The “shadow fleet” used by Russia, Iran and Venezuela to avoid western sanctions and ship cargo to customers including China and India is “exploding” in its scale and scope, and there are concerns that efforts to counter it are drawing closer to dangerous military confrontations.
Complicating the issue is that Russia has begun putting its own flag on some former shadow fleet tankers, in an open challenge to Europe.
The constellation of ageing oil tankers – under opaque ownership and questionable flagging – has become the focus of rising international attention this year.
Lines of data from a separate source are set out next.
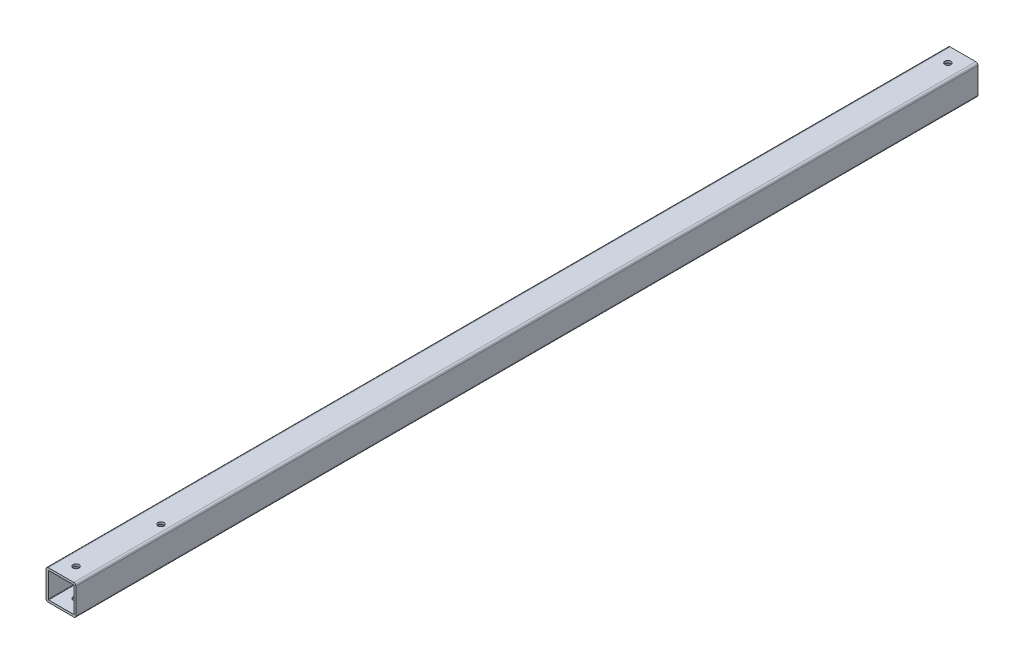
ISO-10303-21;
HEADER;
FILE_DESCRIPTION(('STEP AP214'),'2;1');
FILE_NAME('part.step','',(''),(''),'','','');
FILE_SCHEMA(('AUTOMOTIVE_DESIGN { 1 0 10303 214 1 1 1 1 }'));
ENDSEC;
DATA;
#1=APPLICATION_CONTEXT('core data for automotive mechanical design processes');
#2=APPLICATION_PROTOCOL_DEFINITION('international standard','automotive_design',2000,#1);
#3=PRODUCT_CONTEXT('',#1,'mechanical');
#4=PRODUCT('Part','Part','',(#3));
#5=PRODUCT_RELATED_PRODUCT_CATEGORY('part','',(#4));
#6=PRODUCT_DEFINITION_FORMATION('','',#4);
#7=PRODUCT_DEFINITION_CONTEXT('part definition',#1,'design');
#8=PRODUCT_DEFINITION('design','',#6,#7);
#9=PRODUCT_DEFINITION_SHAPE('','',#8);
#10=(LENGTH_UNIT() NAMED_UNIT(*) SI_UNIT(.MILLI.,.METRE.));
#11=(NAMED_UNIT(*) PLANE_ANGLE_UNIT() SI_UNIT($,.RADIAN.));
#12=(NAMED_UNIT(*) SI_UNIT($,.STERADIAN.) SOLID_ANGLE_UNIT());
#13=UNCERTAINTY_MEASURE_WITH_UNIT(LENGTH_MEASURE(1.E-05),#10,'distance_accuracy_value','');
#14=(GEOMETRIC_REPRESENTATION_CONTEXT(3) GLOBAL_UNCERTAINTY_ASSIGNED_CONTEXT((#13)) GLOBAL_UNIT_ASSIGNED_CONTEXT((#10,
#11,#12)) REPRESENTATION_CONTEXT('',''));
#15=CARTESIAN_POINT('',(0.,0.,0.));
#16=DIRECTION('',(0.,0.,1.));
#17=DIRECTION('',(1.,0.,0.));
#18=AXIS2_PLACEMENT_3D('',#15,#16,#17);
#19=CARTESIAN_POINT('',(0.,0.,1200.));
#20=DIRECTION('',(0.,0.,1.));
#21=DIRECTION('',(1.,0.,0.));
#22=AXIS2_PLACEMENT_3D('',#19,#20,#21);
#23=PLANE('',#22);
#24=DIRECTION('',(1.,0.,0.));
#25=VECTOR('',#24,1.);
#26=CARTESIAN_POINT('',(-20.,-20.,1200.));
#27=LINE('',#26,#25);
#28=CARTESIAN_POINT('',(-17.,-20.,1200.));
#29=VERTEX_POINT('',#28);
#30=CARTESIAN_POINT('',(17.,-20.,1200.));
#31=VERTEX_POINT('',#30);
#32=EDGE_CURVE('E211',#29,#31,#27,.T.);
#33=ORIENTED_EDGE('',*,*,#32,.T.);
#34=CARTESIAN_POINT('',(17.,-17.,1200.));
#35=DIRECTION('',(0.,0.,1.));
#36=DIRECTION('',(1.,0.,0.));
#37=AXIS2_PLACEMENT_3D('',#34,#35,#36);
#38=CIRCLE('',#37,3.);
#39=CARTESIAN_POINT('',(20.,-17.,1200.));
#40=VERTEX_POINT('',#39);
#41=EDGE_CURVE('E270',#31,#40,#38,.T.);
#42=ORIENTED_EDGE('',*,*,#41,.T.);
#43=DIRECTION('',(0.,1.,0.));
#44=VECTOR('',#43,1.);
#45=CARTESIAN_POINT('',(20.,20.,1200.));
#46=LINE('',#45,#44);
#47=CARTESIAN_POINT('',(20.,17.,1200.));
#48=VERTEX_POINT('',#47);
#49=EDGE_CURVE('E323',#40,#48,#46,.T.);
#50=ORIENTED_EDGE('',*,*,#49,.T.);
#51=CARTESIAN_POINT('',(17.,17.,1200.));
#52=DIRECTION('',(0.,0.,1.));
#53=DIRECTION('',(1.,0.,0.));
#54=AXIS2_PLACEMENT_3D('',#51,#52,#53);
#55=CIRCLE('',#54,3.);
#56=CARTESIAN_POINT('',(17.,20.,1200.));
#57=VERTEX_POINT('',#56);
#58=EDGE_CURVE('E266',#48,#57,#55,.T.);
#59=ORIENTED_EDGE('',*,*,#58,.T.);
#60=DIRECTION('',(-1.,0.,0.));
#61=VECTOR('',#60,1.);
#62=CARTESIAN_POINT('',(-20.,20.,1200.));
#63=LINE('',#62,#61);
#64=CARTESIAN_POINT('',(-17.,20.,1200.));
#65=VERTEX_POINT('',#64);
#66=EDGE_CURVE('E326',#57,#65,#63,.T.);
#67=ORIENTED_EDGE('',*,*,#66,.T.);
#68=CARTESIAN_POINT('',(-17.,17.,1200.));
#69=DIRECTION('',(0.,0.,1.));
#70=DIRECTION('',(1.,0.,0.));
#71=AXIS2_PLACEMENT_3D('',#68,#69,#70);
#72=CIRCLE('',#71,3.);
#73=CARTESIAN_POINT('',(-20.,17.,1200.));
#74=VERTEX_POINT('',#73);
#75=EDGE_CURVE('E92',#65,#74,#72,.T.);
#76=ORIENTED_EDGE('',*,*,#75,.T.);
#77=DIRECTION('',(0.,-1.,0.));
#78=VECTOR('',#77,1.);
#79=CARTESIAN_POINT('',(-20.,20.,1200.));
#80=LINE('',#79,#78);
#81=CARTESIAN_POINT('',(-20.,-17.,1200.));
#82=VERTEX_POINT('',#81);
#83=EDGE_CURVE('E216',#74,#82,#80,.T.);
#84=ORIENTED_EDGE('',*,*,#83,.T.);
#85=CARTESIAN_POINT('',(-17.,-17.,1200.));
#86=DIRECTION('',(0.,0.,1.));
#87=DIRECTION('',(1.,0.,0.));
#88=AXIS2_PLACEMENT_3D('',#85,#86,#87);
#89=CIRCLE('',#88,3.);
#90=EDGE_CURVE('E268',#82,#29,#89,.T.);
#91=ORIENTED_EDGE('',*,*,#90,.T.);
#92=EDGE_LOOP('',(#33,#42,#50,#59,#67,#76,#84,#91));
#93=FACE_BOUND('',#92,.T.);
#94=DIRECTION('',(-1.,0.,0.));
#95=VECTOR('',#94,1.);
#96=CARTESIAN_POINT('',(-20.,17.,1200.));
#97=LINE('',#96,#95);
#98=CARTESIAN_POINT('',(16.5,17.,1200.));
#99=VERTEX_POINT('',#98);
#100=CARTESIAN_POINT('',(-16.5,17.,1200.));
#101=VERTEX_POINT('',#100);
#102=EDGE_CURVE('E310',#99,#101,#97,.T.);
#103=ORIENTED_EDGE('',*,*,#102,.F.);
#104=CARTESIAN_POINT('',(16.5,16.5,1200.));
#105=DIRECTION('',(0.,0.,1.));
#106=DIRECTION('',(1.,0.,0.));
#107=AXIS2_PLACEMENT_3D('',#104,#105,#106);
#108=CIRCLE('',#107,0.5);
#109=CARTESIAN_POINT('',(17.,16.5,1200.));
#110=VERTEX_POINT('',#109);
#111=EDGE_CURVE('E241',#99,#110,#108,.F.);
#112=ORIENTED_EDGE('',*,*,#111,.T.);
#113=DIRECTION('',(0.,1.,0.));
#114=VECTOR('',#113,1.);
#115=CARTESIAN_POINT('',(17.,20.,1200.));
#116=LINE('',#115,#114);
#117=CARTESIAN_POINT('',(17.,-16.5,1200.));
#118=VERTEX_POINT('',#117);
#119=EDGE_CURVE('E307',#118,#110,#116,.T.);
#120=ORIENTED_EDGE('',*,*,#119,.F.);
#121=CARTESIAN_POINT('',(16.5,-16.5,1200.));
#122=DIRECTION('',(0.,0.,1.));
#123=DIRECTION('',(1.,0.,0.));
#124=AXIS2_PLACEMENT_3D('',#121,#122,#123);
#125=CIRCLE('',#124,0.5);
#126=CARTESIAN_POINT('',(16.5,-17.,1200.));
#127=VERTEX_POINT('',#126);
#128=EDGE_CURVE('E245',#118,#127,#125,.F.);
#129=ORIENTED_EDGE('',*,*,#128,.T.);
#130=DIRECTION('',(1.,0.,0.));
#131=VECTOR('',#130,1.);
#132=CARTESIAN_POINT('',(-20.,-17.,1200.));
#133=LINE('',#132,#131);
#134=CARTESIAN_POINT('',(-16.5,-17.,1200.));
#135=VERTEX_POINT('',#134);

There have been maritime interdictions to enforce sanctions, and the recently announced US blockade of sanctions-busting ships in Venezuela.
Earlier this month US special forces rappelled from helicopters to board the Skipper, a tanker off Venezuela that the US treasury had placed under sanctions in 2022 amid allegations it had been smuggling oil on behalf of Iran’s Revolutionary Guards and Hezbollah.
On Saturday US forces apprehended a second merchant vessel carrying oil off the coast of Venezuela in international waters, even though it does not appear to be on the list of vessels under US sanctions.
The US seizures follow incidents this year where Estonia and France interdicted vessels suspected of belonging to Russia’s shadow fleet, and recent attacks by Ukrainian air and sea drones on Russian shadow tankers accused of being involved in sanctions evasion.
The increasingly aggressive efforts to police the shadow fleet and evidence that Russia is willing to use military assets to protect tankers, has led experts to warn of the risk of confrontation.
That was dramatically underlined on Friday when Ukraine announced it had struck a Russian tanker with aerial drones in neutral waters off the coast of Libya, after previous similar attacks in the Black Sea.
A source in the Security Service of Ukraine said it was a “new, unprecedented special operation”, Kyiv’s first attack on a Russian tanker in the Mediterranean, carried out 1,200 miles (2,000km) from Ukraine’s borders.
It certainly has not gone unnoticed in Moscow that the only way for Ukrainian drones to hit targets off the coast of Libya is to fly over NATO territory. If NATO countries let Ukrainians drones fly overhead unhindered, then Ukraine can take the shadow fleet down one vessel at a time, without NATO or Europe having committed any act of war.
The economic noose is tightening. The biggest risk to this operation is that the price of oil shoots up again because of the "situation" in Venezuela.